What you are asked to do: Your answer should be every line from the records that contains "name".

Exercise data:
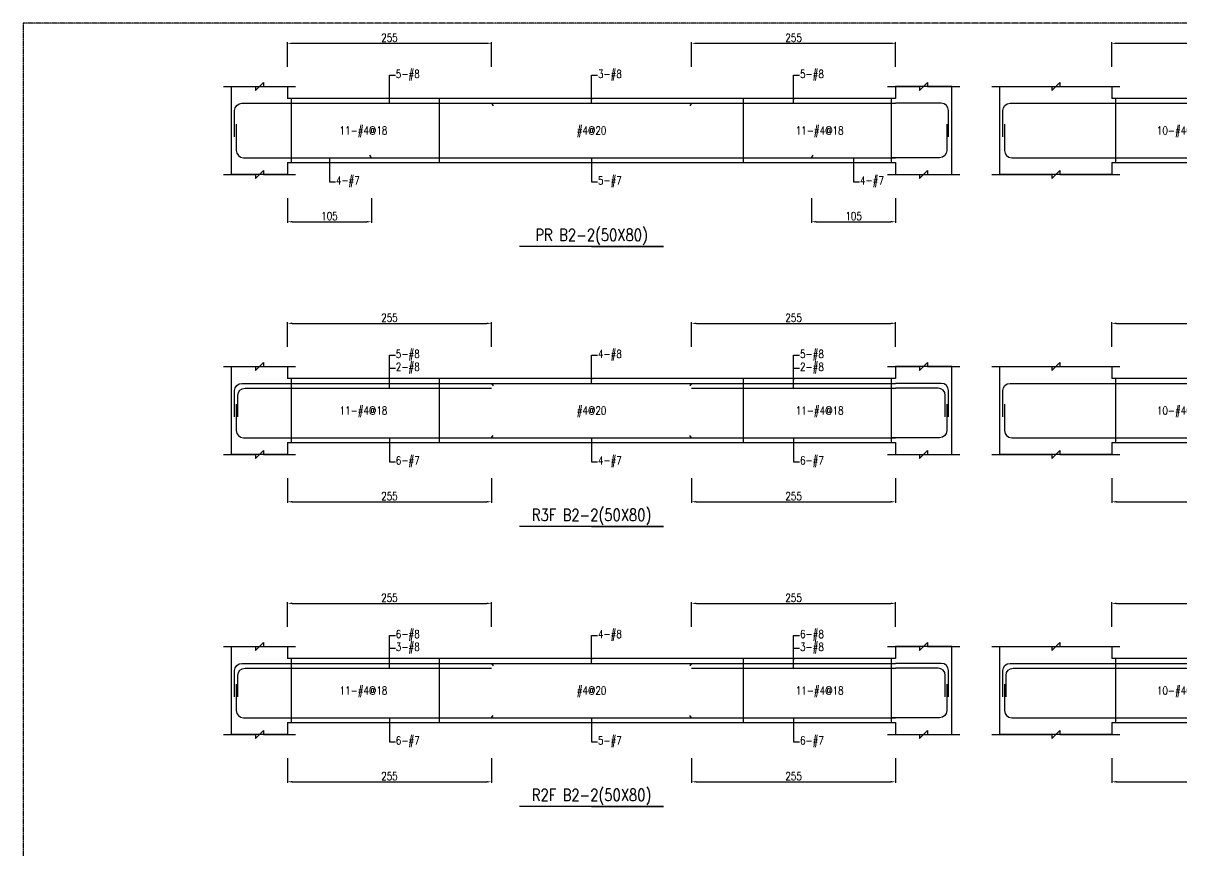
# Model space of a CAD drawing. Header units: millimetres. Extents: x 0 to 84580, y -12276 to 4373.
# Drawn here: x 26145 to 27593, y 1034 to 2069 of the extents above; entities that cross this region are included whole.
import ezdxf
from ezdxf.enums import TextEntityAlignment as Align

# ---------------------------------------------------------------- set-up
doc = ezdxf.new("R2010")
doc.units = ezdxf.units.MM
doc.header["$MEASUREMENT"] = 0
doc.linetypes.add('CENTER', pattern=[2, 1.25, -0.25, 0.25, -0.25])
for name, color, linetype in [('S-DIM', 2, 'Continuous'), ('S-GRID', 1, 'CENTER'), ('S-LEADER', 2, 'Continuous'), ('S-RC', 130, 'Continuous'), ('S-REINF', 6, 'Continuous'), ('S-TEXT', 2, 'Continuous')]:
    doc.layers.add(name, color=color, linetype=linetype)
doc.styles.add('CS4', font='romans.shx', dxfattribs={"width": 0.8, "bigfont": 'lsp.shx'})
doc.styles.get("Standard").update_dxf_attribs({"font": 'arial.ttf'})
doc.dimstyles.new('ISO-25', dxfattribs={"dimtxt": 2.5, "dimasz": 2.5, "dimexe": 1.25, "dimexo": 0.625, "dimtad": 1, "dimtxsty": 'Standard', "dimcen": 2.5, "dimadec": 0, "dimazin": 0, "dimtfac": 1, "dimtmove": 0, "dimatfit": 3, "dimfxl": 0, "dimarcsym": 0})

# ---------------------------------------------------------------- blocks, each defined once
blk = doc.blocks.new('*D73')
at = {"layer": 'DEFPOINTS', "color": 0, "transparency": 16777216}
for p in [(26730.2, 1343.8), (26475.2, 1313.8), (26730.2, 1313.8)]:
    blk.add_point(p, dxfattribs=at)
at = {"layer": 'S-DIM', "color": 0, "lineweight": -2, "transparency": 16777216}
for p, q in [((26475.2, 1314.5), (26475.2, 1345.1)), ((26481.2, 1343.8), (26724.2, 1343.8)), ((26730.2, 1314.5), (26730.2, 1345.1))]:
    blk.add_line(p, q, dxfattribs=at)
at = {"layer": 'S-DIM', "color": 0, "transparency": 16777216}
for points in [[(26481.2, 1344.8), (26481.2, 1342.8), (26475.2, 1343.8)], [(26724.2, 1344.8), (26724.2, 1342.8), (26730.2, 1343.8)]]:
    blk.add_solid(points, dxfattribs=at)
at = {"layer": 'S-DIM', "color": 0, "transparency": 16777216, "insert": (26602.7, 1350.8), "char_height": 10, "attachment_point": 5, "style": 'CS4'}
blk.add_mtext('255', dxfattribs=at)
blk = doc.blocks.new('*D74')
at = {"layer": 'DEFPOINTS', "color": 0, "transparency": 16777216}
for p in [(27235.2, 1343.8), (26980.2, 1313.8), (27235.2, 1313.8)]:
    blk.add_point(p, dxfattribs=at)
at = {"layer": 'S-DIM', "color": 0, "lineweight": -2, "transparency": 16777216}
for p, q in [((26980.2, 1314.5), (26980.2, 1345.1)), ((26986.2, 1343.8), (27229.2, 1343.8)), ((27235.2, 1314.5), (27235.2, 1345.1))]:
    blk.add_line(p, q, dxfattribs=at)
at = {"layer": 'S-DIM', "color": 0, "transparency": 16777216}
for points in [[(26986.2, 1344.8), (26986.2, 1342.8), (26980.2, 1343.8)], [(27229.2, 1344.8), (27229.2, 1342.8), (27235.2, 1343.8)]]:
    blk.add_solid(points, dxfattribs=at)
at = {"layer": 'S-DIM', "color": 0, "transparency": 16777216, "insert": (27107.7, 1350.8), "char_height": 10, "attachment_point": 5, "style": 'CS4'}
blk.add_mtext('255', dxfattribs=at)
blk = doc.blocks.new('*D75')
at = {"layer": 'DEFPOINTS', "color": 0, "transparency": 16777216}
for p in [(26475.2, 1150.8), (26730.2, 1150.8), (26730.2, 1120.8)]:
    blk.add_point(p, dxfattribs=at)
at = {"layer": 'S-DIM', "color": 0, "lineweight": -2, "transparency": 16777216}
for p, q in [((26475.2, 1150.2), (26475.2, 1119.6)), ((26730.2, 1150.2), (26730.2, 1119.6)), ((26481.2, 1120.8), (26724.2, 1120.8))]:
    blk.add_line(p, q, dxfattribs=at)
at = {"layer": 'S-DIM', "color": 0, "transparency": 16777216}
for points in [[(26481.2, 1121.8), (26481.2, 1119.8), (26475.2, 1120.8)], [(26724.2, 1121.8), (26724.2, 1119.8), (26730.2, 1120.8)]]:
    blk.add_solid(points, dxfattribs=at)
at = {"layer": 'S-DIM', "color": 0, "transparency": 16777216, "insert": (26602.7, 1127.8), "char_height": 10, "attachment_point": 5, "style": 'CS4'}
blk.add_mtext('255', dxfattribs=at)
blk = doc.blocks.new('*D76')
at = {"layer": 'DEFPOINTS', "color": 0, "transparency": 16777216}
for p in [(26980.2, 1150.8), (27235.2, 1150.8), (27235.2, 1120.8)]:
    blk.add_point(p, dxfattribs=at)
at = {"layer": 'S-DIM', "color": 0, "lineweight": -2, "transparency": 16777216}
for p, q in [((26980.2, 1150.2), (26980.2, 1119.6)), ((27235.2, 1150.2), (27235.2, 1119.6)), ((26986.2, 1120.8), (27229.2, 1120.8))]:
    blk.add_line(p, q, dxfattribs=at)
at = {"layer": 'S-DIM', "color": 0, "transparency": 16777216}
for points in [[(26986.2, 1121.8), (26986.2, 1119.8), (26980.2, 1120.8)], [(27229.2, 1121.8), (27229.2, 1119.8), (27235.2, 1120.8)]]:
    blk.add_solid(points, dxfattribs=at)
at = {"layer": 'S-DIM', "color": 0, "transparency": 16777216, "insert": (27107.7, 1127.8), "char_height": 10, "attachment_point": 5, "style": 'CS4'}
blk.add_mtext('255', dxfattribs=at)
blk = doc.blocks.new('*D77')
at = {"layer": 'DEFPOINTS', "color": 0, "transparency": 16777216}
for p in [(26730.2, 1693.8), (26475.2, 1663.8), (26730.2, 1663.8)]:
    blk.add_point(p, dxfattribs=at)
at = {"layer": 'S-DIM', "color": 0, "lineweight": -2, "transparency": 16777216}
for p, q in [((26475.2, 1664.5), (26475.2, 1695.1)), ((26730.2, 1664.5), (26730.2, 1695.1)), ((26481.2, 1693.8), (26724.2, 1693.8))]:
    blk.add_line(p, q, dxfattribs=at)
at = {"layer": 'S-DIM', "color": 0, "transparency": 16777216}
for points in [[(26481.2, 1694.8), (26481.2, 1692.8), (26475.2, 1693.8)], [(26724.2, 1694.8), (26724.2, 1692.8), (26730.2, 1693.8)]]:
    blk.add_solid(points, dxfattribs=at)
at = {"layer": 'S-DIM', "color": 0, "transparency": 16777216, "insert": (26602.7, 1700.8), "char_height": 10, "attachment_point": 5, "style": 'CS4'}
blk.add_mtext('255', dxfattribs=at)
blk = doc.blocks.new('*D78')
at = {"layer": 'DEFPOINTS', "color": 0, "transparency": 16777216}
for p in [(27235.2, 1693.8), (26980.2, 1663.8), (27235.2, 1663.8)]:
    blk.add_point(p, dxfattribs=at)
at = {"layer": 'S-DIM', "color": 0, "lineweight": -2, "transparency": 16777216}
for p, q in [((26980.2, 1664.5), (26980.2, 1695.1)), ((27235.2, 1664.5), (27235.2, 1695.1)), ((26986.2, 1693.8), (27229.2, 1693.8))]:
    blk.add_line(p, q, dxfattribs=at)
at = {"layer": 'S-DIM', "color": 0, "transparency": 16777216}
for points in [[(26986.2, 1694.8), (26986.2, 1692.8), (26980.2, 1693.8)], [(27229.2, 1694.8), (27229.2, 1692.8), (27235.2, 1693.8)]]:
    blk.add_solid(points, dxfattribs=at)
at = {"layer": 'S-DIM', "color": 0, "transparency": 16777216, "insert": (27107.7, 1700.8), "char_height": 10, "attachment_point": 5, "style": 'CS4'}
blk.add_mtext('255', dxfattribs=at)
blk = doc.blocks.new('*D79')
at = {"layer": 'DEFPOINTS', "color": 0, "transparency": 16777216}
for p in [(26475.2, 1500.8), (26730.2, 1500.8), (26730.2, 1470.8)]:
    blk.add_point(p, dxfattribs=at)
at = {"layer": 'S-DIM', "color": 0, "lineweight": -2, "transparency": 16777216}
for p, q in [((26475.2, 1500.2), (26475.2, 1469.6)), ((26730.2, 1500.2), (26730.2, 1469.6)), ((26481.2, 1470.8), (26724.2, 1470.8))]:
    blk.add_line(p, q, dxfattribs=at)
at = {"layer": 'S-DIM', "color": 0, "transparency": 16777216}
for points in [[(26481.2, 1471.8), (26481.2, 1469.8), (26475.2, 1470.8)], [(26724.2, 1471.8), (26724.2, 1469.8), (26730.2, 1470.8)]]:
    blk.add_solid(points, dxfattribs=at)
at = {"layer": 'S-DIM', "color": 0, "transparency": 16777216, "insert": (26602.7, 1477.8), "char_height": 10, "attachment_point": 5, "style": 'CS4'}
blk.add_mtext('255', dxfattribs=at)
blk = doc.blocks.new('*D80')
at = {"layer": 'DEFPOINTS', "color": 0, "transparency": 16777216}
for p in [(26980.2, 1500.8), (27235.2, 1500.8), (27235.2, 1470.8)]:
    blk.add_point(p, dxfattribs=at)
at = {"layer": 'S-DIM', "color": 0, "lineweight": -2, "transparency": 16777216}
for p, q in [((26980.2, 1500.2), (26980.2, 1469.6)), ((27235.2, 1500.2), (27235.2, 1469.6)), ((26986.2, 1470.8), (27229.2, 1470.8))]:
    blk.add_line(p, q, dxfattribs=at)
at = {"layer": 'S-DIM', "color": 0, "transparency": 16777216}
for points in [[(26986.2, 1471.8), (26986.2, 1469.8), (26980.2, 1470.8)], [(27229.2, 1471.8), (27229.2, 1469.8), (27235.2, 1470.8)]]:
    blk.add_solid(points, dxfattribs=at)
at = {"layer": 'S-DIM', "color": 0, "transparency": 16777216, "insert": (27107.7, 1477.8), "char_height": 10, "attachment_point": 5, "style": 'CS4'}
blk.add_mtext('255', dxfattribs=at)
blk = doc.blocks.new('*D81')
at = {"layer": 'DEFPOINTS', "color": 0, "transparency": 16777216}
for p in [(26730.2, 2043.8), (26475.2, 2013.8), (26730.2, 2013.8)]:
    blk.add_point(p, dxfattribs=at)
at = {"layer": 'S-DIM', "color": 0, "lineweight": -2, "transparency": 16777216}
for p, q in [((26475.2, 2014.5), (26475.2, 2045.1)), ((26481.2, 2043.8), (26724.2, 2043.8)), ((26730.2, 2014.5), (26730.2, 2045.1))]:
    blk.add_line(p, q, dxfattribs=at)
at = {"layer": 'S-DIM', "color": 0, "transparency": 16777216}
for points in [[(26481.2, 2044.8), (26481.2, 2042.8), (26475.2, 2043.8)], [(26724.2, 2044.8), (26724.2, 2042.8), (26730.2, 2043.8)]]:
    blk.add_solid(points, dxfattribs=at)
at = {"layer": 'S-DIM', "color": 0, "transparency": 16777216, "insert": (26602.7, 2050.8), "char_height": 10, "attachment_point": 5, "style": 'CS4'}
blk.add_mtext('255', dxfattribs=at)
blk = doc.blocks.new('*D82')
at = {"layer": 'DEFPOINTS', "color": 0, "transparency": 16777216}
for p in [(27235.2, 2043.8), (26980.2, 2013.8), (27235.2, 2013.8)]:
    blk.add_point(p, dxfattribs=at)
at = {"layer": 'S-DIM', "color": 0, "lineweight": -2, "transparency": 16777216}
for p, q in [((26980.2, 2014.5), (26980.2, 2045.1)), ((26986.2, 2043.8), (27229.2, 2043.8)), ((27235.2, 2014.5), (27235.2, 2045.1))]:
    blk.add_line(p, q, dxfattribs=at)
at = {"layer": 'S-DIM', "color": 0, "transparency": 16777216}
for points in [[(26986.2, 2044.8), (26986.2, 2042.8), (26980.2, 2043.8)], [(27229.2, 2044.8), (27229.2, 2042.8), (27235.2, 2043.8)]]:
    blk.add_solid(points, dxfattribs=at)
at = {"layer": 'S-DIM', "color": 0, "transparency": 16777216, "insert": (27107.7, 2050.8), "char_height": 10, "attachment_point": 5, "style": 'CS4'}
blk.add_mtext('255', dxfattribs=at)
blk = doc.blocks.new('*D83')
at = {"layer": 'DEFPOINTS', "color": 0, "transparency": 16777216}
for p in [(26475.2, 1850.8), (26580.2, 1850.8), (26580.2, 1820.8)]:
    blk.add_point(p, dxfattribs=at)
at = {"layer": 'S-DIM', "color": 0, "lineweight": -2, "transparency": 16777216}
for p, q in [((26475.2, 1850.2), (26475.2, 1819.6)), ((26580.2, 1850.2), (26580.2, 1819.6)), ((26481.2, 1820.8), (26574.2, 1820.8))]:
    blk.add_line(p, q, dxfattribs=at)
at = {"layer": 'S-DIM', "color": 0, "transparency": 16777216}
for points in [[(26481.2, 1821.8), (26481.2, 1819.8), (26475.2, 1820.8)], [(26574.2, 1821.8), (26574.2, 1819.8), (26580.2, 1820.8)]]:
    blk.add_solid(points, dxfattribs=at)
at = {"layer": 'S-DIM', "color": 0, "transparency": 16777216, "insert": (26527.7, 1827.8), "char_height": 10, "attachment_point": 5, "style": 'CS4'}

Solved problem:
for name, color, linetype in [('S-DIM', 2, 'Continuous'), ('S-GRID', 1, 'CENTER'), ('S-LEADER', 2, 'Continuous'), ('S-RC', 130, 'Continuous'), ('S-REINF', 6, 'Continuous'), ('S-TEXT', 2, 'Continuous')]:
    doc.layers.add(name, color=color, linetype=linetype)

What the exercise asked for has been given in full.